# Work to complete
Your task is to repeat exactly the lines below between the line holding "#195=FACE_BOUND('',#194,.T.);" and the line holding "#212=FACE_BOUND('',#211,.T.);", inclusive, and only those.

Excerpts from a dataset

* * *

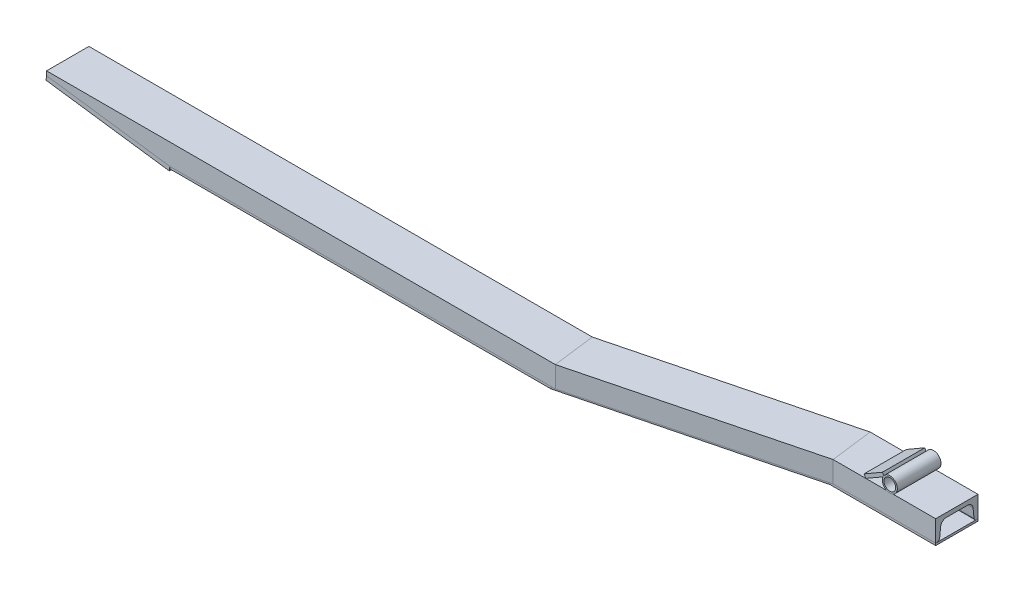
ISO-10303-21;
HEADER;
FILE_DESCRIPTION(('STEP AP214'),'2;1');
FILE_NAME('part.step','',(''),(''),'','','');
FILE_SCHEMA(('AUTOMOTIVE_DESIGN { 1 0 10303 214 1 1 1 1 }'));
ENDSEC;
DATA;
#1=APPLICATION_CONTEXT('core data for automotive mechanical design processes');
#2=APPLICATION_PROTOCOL_DEFINITION('international standard','automotive_design',2000,#1);
#3=PRODUCT_CONTEXT('',#1,'mechanical');
#4=PRODUCT('Part','Part','',(#3));
#5=PRODUCT_RELATED_PRODUCT_CATEGORY('part','',(#4));
#6=PRODUCT_DEFINITION_FORMATION('','',#4);
#7=PRODUCT_DEFINITION_CONTEXT('part definition',#1,'design');
#8=PRODUCT_DEFINITION('design','',#6,#7);
#9=PRODUCT_DEFINITION_SHAPE('','',#8);
#10=(LENGTH_UNIT() NAMED_UNIT(*) SI_UNIT(.MILLI.,.METRE.));
#11=(NAMED_UNIT(*) PLANE_ANGLE_UNIT() SI_UNIT($,.RADIAN.));
#12=(NAMED_UNIT(*) SI_UNIT($,.STERADIAN.) SOLID_ANGLE_UNIT());
#13=UNCERTAINTY_MEASURE_WITH_UNIT(LENGTH_MEASURE(1.E-05),#10,'distance_accuracy_value','');
#14=(GEOMETRIC_REPRESENTATION_CONTEXT(3) GLOBAL_UNCERTAINTY_ASSIGNED_CONTEXT((#13)) GLOBAL_UNIT_ASSIGNED_CONTEXT((#10,
#11,#12)) REPRESENTATION_CONTEXT('',''));
#15=CARTESIAN_POINT('',(0.,0.,0.));
#16=DIRECTION('',(0.,0.,1.));
#17=DIRECTION('',(1.,0.,0.));
#18=AXIS2_PLACEMENT_3D('',#15,#16,#17);
#19=CARTESIAN_POINT('',(-101.5,37.3301270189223,60.));
#20=DIRECTION('',(0.86602540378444,0.499999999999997,0.));
#21=DIRECTION('',(-0.499999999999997,0.86602540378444,0.));
#22=AXIS2_PLACEMENT_3D('',#19,#20,#21);
#23=PLANE('',#22);
#24=DIRECTION('',(0.499999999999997,-0.86602540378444,0.));
#25=VECTOR('',#24,1.);
#26=CARTESIAN_POINT('',(-101.5,37.3301270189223,0.));
#27=LINE('',#26,#25);
#28=CARTESIAN_POINT('',(-101.5,37.3301270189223,0.));
#29=VERTEX_POINT('',#28);
#30=CARTESIAN_POINT('',(-99.0000000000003,33.0000000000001,0.));
#31=VERTEX_POINT('',#30);
#32=EDGE_CURVE('E107',#29,#31,#27,.T.);
#33=ORIENTED_EDGE('',*,*,#32,.T.);
#34=DIRECTION('',(0.,0.,-1.));
#35=VECTOR('',#34,1.);
#36=CARTESIAN_POINT('',(-99.0000000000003,33.0000000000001,60.));
#37=LINE('',#36,#35);
#38=CARTESIAN_POINT('',(-99.0000000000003,33.0000000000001,60.));
#39=VERTEX_POINT('',#38);
#40=EDGE_CURVE('E12',#39,#31,#37,.T.);
#41=ORIENTED_EDGE('',*,*,#40,.F.);
#42=DIRECTION('',(0.499999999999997,-0.86602540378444,0.));
#43=VECTOR('',#42,1.);
#44=CARTESIAN_POINT('',(-101.5,37.3301270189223,60.));
#45=LINE('',#44,#43);
#46=CARTESIAN_POINT('',(-101.5,37.3301270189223,60.));
#47=VERTEX_POINT('',#46);
#48=EDGE_CURVE('E95',#47,#39,#45,.T.);
#49=ORIENTED_EDGE('',*,*,#48,.F.);
#50=DIRECTION('',(0.,0.,-1.));
#51=VECTOR('',#50,1.);
#52=CARTESIAN_POINT('',(-101.5,37.3301270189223,60.));
#53=LINE('',#52,#51);
#54=EDGE_CURVE('E103',#47,#29,#53,.T.);
#55=ORIENTED_EDGE('',*,*,#54,.T.);
#56=EDGE_LOOP('',(#33,#41,#49,#55));
#57=FACE_BOUND('',#56,.T.);
#58=ADVANCED_FACE('F44',(#57),#23,.F.);
#59=CARTESIAN_POINT('',(-99.0000000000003,33.0000000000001,60.));
#60=DIRECTION('',(-0.499999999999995,0.866025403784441,0.));
#61=DIRECTION('',(-0.866025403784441,-0.499999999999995,0.));
#62=AXIS2_PLACEMENT_3D('',#59,#60,#61);
#63=PLANE('',#62);
#64=DIRECTION('',(0.866025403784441,0.499999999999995,0.));
#65=VECTOR('',#64,1.);
#66=CARTESIAN_POINT('',(-99.0000000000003,33.0000000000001,0.));
#67=LINE('',#66,#65);
#68=CARTESIAN_POINT('',(-73.0192378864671,47.9999999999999,0.));
#69=VERTEX_POINT('',#68);
#70=EDGE_CURVE('E99',#31,#69,#67,.T.);
#71=ORIENTED_EDGE('',*,*,#70,.T.);
#72=DIRECTION('',(0.,0.,-1.));
#73=VECTOR('',#72,1.);
#74=CARTESIAN_POINT('',(-73.0192378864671,47.9999999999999,60.));
#75=LINE('',#74,#73);
#76=CARTESIAN_POINT('',(-73.0192378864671,47.9999999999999,60.));
#77=VERTEX_POINT('',#76);
#78=EDGE_CURVE('E52',#77,#69,#75,.T.);
#79=ORIENTED_EDGE('',*,*,#78,.F.);
#80=DIRECTION('',(0.866025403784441,0.499999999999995,0.));
#81=VECTOR('',#80,1.);
#82=CARTESIAN_POINT('',(-99.0000000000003,33.0000000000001,60.));
#83=LINE('',#82,#81);
#84=EDGE_CURVE('E90',#39,#77,#83,.T.);
#85=ORIENTED_EDGE('',*,*,#84,.F.);
#86=ORIENTED_EDGE('',*,*,#40,.T.);
#87=EDGE_LOOP('',(#71,#79,#85,#86));
#88=FACE_BOUND('',#87,.T.);
#89=ADVANCED_FACE('F98',(#88),#63,.F.);
#90=CARTESIAN_POINT('',(-75.5192378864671,52.3301270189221,60.));
#91=DIRECTION('',(-0.866025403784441,-0.499999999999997,0.));
#92=DIRECTION('',(0.499999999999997,-0.866025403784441,0.));
#93=AXIS2_PLACEMENT_3D('',#90,#91,#92);
#94=PLANE('',#93);
#95=DIRECTION('',(-0.499999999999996,0.866025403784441,0.));
#96=VECTOR('',#95,1.);
#97=CARTESIAN_POINT('',(-75.5192378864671,52.3301270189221,0.));
#98=LINE('',#97,#96);
#99=CARTESIAN_POINT('',(-75.5192378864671,52.3301270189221,0.));
#100=VERTEX_POINT('',#99);
#101=EDGE_CURVE('E77',#69,#100,#98,.T.);
#102=ORIENTED_EDGE('',*,*,#101,.T.);
#103=DIRECTION('',(0.,0.,-1.));
#104=VECTOR('',#103,1.);
#105=CARTESIAN_POINT('',(-75.5192378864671,52.3301270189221,60.));
#106=LINE('',#105,#104);
#107=CARTESIAN_POINT('',(-75.5192378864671,52.3301270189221,60.));
#108=VERTEX_POINT('',#107);
#109=EDGE_CURVE('E100',#108,#100,#106,.T.);
#110=ORIENTED_EDGE('',*,*,#109,.F.);
#111=DIRECTION('',(-0.499999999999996,0.866025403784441,0.));
#112=VECTOR('',#111,1.);
#113=CARTESIAN_POINT('',(-75.5192378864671,52.3301270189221,60.));
#114=LINE('',#113,#112);
#115=EDGE_CURVE('E93',#77,#108,#114,.T.);
#116=ORIENTED_EDGE('',*,*,#115,.F.);
#117=ORIENTED_EDGE('',*,*,#78,.T.);
#118=EDGE_LOOP('',(#102,#110,#116,#117));
#119=FACE_BOUND('',#118,.T.);
#120=ADVANCED_FACE('F101',(#119),#94,.F.);
#121=CARTESIAN_POINT('',(-101.5,37.3301270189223,60.));
#122=DIRECTION('',(0.499999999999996,-0.866025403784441,0.));
#123=DIRECTION('',(0.866025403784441,0.499999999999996,0.));
#124=AXIS2_PLACEMENT_3D('',#121,#122,#123);
#125=PLANE('',#124);
#126=DIRECTION('',(-0.866025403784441,-0.499999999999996,0.));
#127=VECTOR('',#126,1.);
#128=CARTESIAN_POINT('',(-101.5,37.3301270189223,0.));
#129=LINE('',#128,#127);
#130=EDGE_CURVE('E83',#100,#29,#129,.T.);
#131=ORIENTED_EDGE('',*,*,#130,.T.);
#132=ORIENTED_EDGE('',*,*,#54,.F.);
#133=DIRECTION('',(-0.866025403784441,-0.499999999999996,0.));
#134=VECTOR('',#133,1.);
#135=CARTESIAN_POINT('',(-101.5,37.3301270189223,60.));
#136=LINE('',#135,#134);
#137=EDGE_CURVE('E60',#108,#47,#136,.T.);
#138=ORIENTED_EDGE('',*,*,#137,.F.);
#139=ORIENTED_EDGE('',*,*,#109,.T.);
#140=EDGE_LOOP('',(#131,#132,#138,#139));
#141=FACE_BOUND('',#140,.T.);
#142=ADVANCED_FACE('F114',(#141),#125,.F.);
#143=CARTESIAN_POINT('',(-101.5,37.3301270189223,60.));
#144=DIRECTION('',(0.,0.,1.));
#145=DIRECTION('',(1.,0.,0.));
#146=AXIS2_PLACEMENT_3D('',#143,#144,#145);
#147=PLANE('',#146);
#148=ORIENTED_EDGE('',*,*,#48,.T.);
#149=ORIENTED_EDGE('',*,*,#84,.T.);
#150=ORIENTED_EDGE('',*,*,#115,.T.);
#151=ORIENTED_EDGE('',*,*,#137,.T.);
#152=EDGE_LOOP('',(#148,#149,#150,#151));
#153=FACE_BOUND('',#152,.T.);
#154=ADVANCED_FACE('F91',(#153),#147,.T.);
#155=CARTESIAN_POINT('',(-101.5,37.3301270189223,0.));
#156=DIRECTION('',(0.,0.,1.));
#157=DIRECTION('',(1.,0.,0.));
#158=AXIS2_PLACEMENT_3D('',#155,#156,#157);
#159=PLANE('',#158);
#160=ORIENTED_EDGE('',*,*,#32,.F.);
#161=ORIENTED_EDGE('',*,*,#130,.F.);
#162=ORIENTED_EDGE('',*,*,#101,.F.);
#163=ORIENTED_EDGE('',*,*,#70,.F.);
#164=EDGE_LOOP('',(#160,#161,#162,#163));
#165=FACE_BOUND('',#164,.T.);
#166=ADVANCED_FACE('F117',(#165),#159,.F.);
#167=CLOSED_SHELL('',(#58,#89,#120,#142,#154,#166));
#168=MANIFOLD_SOLID_BREP('B2',#167);
#169=CARTESIAN_POINT('',(-64.,43.65,61.));
#170=DIRECTION('',(0.,0.,-1.));
#171=DIRECTION('',(-1.,0.,0.));
#172=AXIS2_PLACEMENT_3D('',#169,#170,#171);
#173=CYLINDRICAL_SURFACE('',#172,8.35);
#174=CARTESIAN_POINT('',(-64.,43.65,61.));
#175=DIRECTION('',(0.,0.,1.));
#176=DIRECTION('',(1.,0.,0.));
#177=AXIS2_PLACEMENT_3D('',#174,#175,#176);
#178=CIRCLE('',#177,8.35);
#179=CARTESIAN_POINT('',(-55.65,43.65,61.));
#180=VERTEX_POINT('',#179);
#181=EDGE_CURVE('E197',#180,#180,#178,.T.);
#182=ORIENTED_EDGE('',*,*,#181,.T.);
#183=EDGE_LOOP('',(#182));
#184=FACE_BOUND('',#183,.T.);
#185=CARTESIAN_POINT('',(-64.,43.65,-0.999999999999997));
#186=DIRECTION('',(0.,0.,1.));
#187=DIRECTION('',(1.,0.,0.));
#188=AXIS2_PLACEMENT_3D('',#185,#186,#187);
#189=CIRCLE('',#188,8.35);
#190=CARTESIAN_POINT('',(-55.65,43.65,-0.999999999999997));
#191=VERTEX_POINT('',#190);
#192=EDGE_CURVE('E203',#191,#191,#189,.T.);
#193=ORIENTED_EDGE('',*,*,#192,.F.);
#194=EDGE_LOOP('',(#193));
#195=FACE_BOUND('',#194,.T.);
#196=ADVANCED_FACE('F190',(#184,#195),#173,.F.);
#197=CARTESIAN_POINT('',(-64.,43.65,61.));
#198=DIRECTION('',(0.,0.,-1.));
#199=DIRECTION('',(-1.,0.,0.));
#200=AXIS2_PLACEMENT_3D('',#197,#198,#199);
#201=CYLINDRICAL_SURFACE('',#200,10.65);
#202=CARTESIAN_POINT('',(-64.,43.65,61.));
#203=DIRECTION('',(0.,0.,1.));
#204=DIRECTION('',(1.,0.,0.));
#205=AXIS2_PLACEMENT_3D('',#202,#203,#204);
#206=CIRCLE('',#205,10.65);
#207=CARTESIAN_POINT('',(-53.35,43.65,61.));
#208=VERTEX_POINT('',#207);
#209=EDGE_CURVE('E43',#208,#208,#206,.T.);
#210=ORIENTED_EDGE('',*,*,#209,.F.);
#211=EDGE_LOOP('',(#210));
#212=FACE_BOUND('',#211,.T.);
#213=CARTESIAN_POINT('',(-64.,43.65,-0.999999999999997));
#214=DIRECTION('',(0.,0.,1.));
#215=DIRECTION('',(1.,0.,0.));
#216=AXIS2_PLACEMENT_3D('',#213,#214,#215);
#217=CIRCLE('',#216,10.65);
#218=CARTESIAN_POINT('',(-53.35,43.65,-0.999999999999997));
#219=VERTEX_POINT('',#218);
#220=EDGE_CURVE('E193',#219,#219,#217,.T.);
#221=ORIENTED_EDGE('',*,*,#220,.T.);
#222=EDGE_LOOP('',(#221));
#223=FACE_BOUND('',#222,.T.);
#224=ADVANCED_FACE('F210',(#212,#223),#201,.T.);
#225=CARTESIAN_POINT('',(-64.,43.65,61.));
#226=DIRECTION('',(0.,0.,1.));
#227=DIRECTION('',(1.,0.,0.));
#228=AXIS2_PLACEMENT_3D('',#225,#226,#227);
#229=PLANE('',#228);
#230=ORIENTED_EDGE('',*,*,#181,.F.);
#231=EDGE_LOOP('',(#230));
#232=FACE_BOUND('',#231,.T.);
#233=ORIENTED_EDGE('',*,*,#209,.T.);
#234=EDGE_LOOP('',(#233));
#235=FACE_BOUND('',#234,.T.);
#236=ADVANCED_FACE('F214',(#232,#235),#229,.T.);
#237=CARTESIAN_POINT('',(-64.,43.65,-0.999999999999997));
#238=DIRECTION('',(0.,0.,1.));
#239=DIRECTION('',(1.,0.,0.));
#240=AXIS2_PLACEMENT_3D('',#237,#238,#239);
#241=PLANE('',#240);
#242=ORIENTED_EDGE('',*,*,#192,.T.);
#243=EDGE_LOOP('',(#242));
#244=FACE_BOUND('',#243,.T.);
#245=ORIENTED_EDGE('',*,*,#220,.F.);
#246=EDGE_LOOP('',(#245));
#247=FACE_BOUND('',#246,.T.);
#248=ADVANCED_FACE('F212',(#244,#247),#241,.F.);
#249=CLOSED_SHELL('',(#196,#224,#236,#248));
#250=MANIFOLD_SOLID_BREP('B6',#249);
#251=CARTESIAN_POINT('',(-1005.2,3.00000000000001,140.3));
#252=DIRECTION('',(0.,0.,-1.));
#253=DIRECTION('',(-1.,0.,0.));
#254=AXIS2_PLACEMENT_3D('',#251,#252,#253);
#255=PLANE('',#254);
#256=DIRECTION('',(-0.136023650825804,-0.990705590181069,0.));
#257=VECTOR('',#256,1.);
#258=CARTESIAN_POINT('',(-1180.,27.,140.3));
#259=LINE('',#258,#257);
#260=CARTESIAN_POINT('',(-1180.,27.,140.3));
#261=VERTEX_POINT('',#260);
#262=CARTESIAN_POINT('',(-1180.81614190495,21.0557664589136,140.3));
#263=VERTEX_POINT('',#262);
#264=EDGE_CURVE('E333',#261,#263,#259,.T.);
#265=ORIENTED_EDGE('',*,*,#264,.T.);
#266=DIRECTION('',(-0.990705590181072,0.136023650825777,0.));
#267=VECTOR('',#266,1.);
#268=CARTESIAN_POINT('',(-1006.01614190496,-2.94423354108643,140.3));
#269=LINE('',#268,#267);
#270=CARTESIAN_POINT('',(-1006.01614190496,-2.94423354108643,140.3));
#271=VERTEX_POINT('',#270);
#272=EDGE_CURVE('E188',#271,#263,#269,.T.);
#273=ORIENTED_EDGE('',*,*,#272,.F.);
#274=DIRECTION('',(-0.136023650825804,-0.990705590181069,0.));
#275=VECTOR('',#274,1.);
#276=CARTESIAN_POINT('',(-1005.2,3.00000000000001,140.3));
#277=LINE('',#276,#275);
#278=CARTESIAN_POINT('',(-1005.2,3.00000000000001,140.3));
#279=VERTEX_POINT('',#278);
#280=EDGE_CURVE('E321',#279,#271,#277,.T.);
#281=ORIENTED_EDGE('',*,*,#280,.F.);
#282=DIRECTION('',(-0.990705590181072,0.136023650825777,0.));
#283=VECTOR('',#282,1.);
#284=CARTESIAN_POINT('',(-1005.2,3.00000000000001,140.3));
#285=LINE('',#284,#283);
#286=EDGE_CURVE('E329',#279,#261,#285,.T.);
#287=ORIENTED_EDGE('',*,*,#286,.T.);
#288=EDGE_LOOP('',(#265,#273,#281,#287));
#289=FACE_BOUND('',#288,.T.);
#290=ADVANCED_FACE('F270',(#289),#255,.F.);
#291=CARTESIAN_POINT('',(-1006.01614190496,-2.94423354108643,140.3));
#292=DIRECTION('',(0.136023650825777,0.990705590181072,0.));
#293=DIRECTION('',(-0.990705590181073,0.136023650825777,0.));
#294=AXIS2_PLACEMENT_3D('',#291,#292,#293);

* * *

# Problem solution
#195=FACE_BOUND('',#194,.T.);
#196=ADVANCED_FACE('F190',(#184,#195),#173,.F.);
#197=CARTESIAN_POINT('',(-64.,43.65,61.));
#198=DIRECTION('',(0.,0.,-1.));
#199=DIRECTION('',(-1.,0.,0.));
#200=AXIS2_PLACEMENT_3D('',#197,#198,#199);
#201=CYLINDRICAL_SURFACE('',#200,10.65);
#202=CARTESIAN_POINT('',(-64.,43.65,61.));
#203=DIRECTION('',(0.,0.,1.));
#204=DIRECTION('',(1.,0.,0.));
#205=AXIS2_PLACEMENT_3D('',#202,#203,#204);
#206=CIRCLE('',#205,10.65);
#207=CARTESIAN_POINT('',(-53.35,43.65,61.));
#208=VERTEX_POINT('',#207);
#209=EDGE_CURVE('E43',#208,#208,#206,.T.);
#210=ORIENTED_EDGE('',*,*,#209,.F.);
#211=EDGE_LOOP('',(#210));
#212=FACE_BOUND('',#211,.T.);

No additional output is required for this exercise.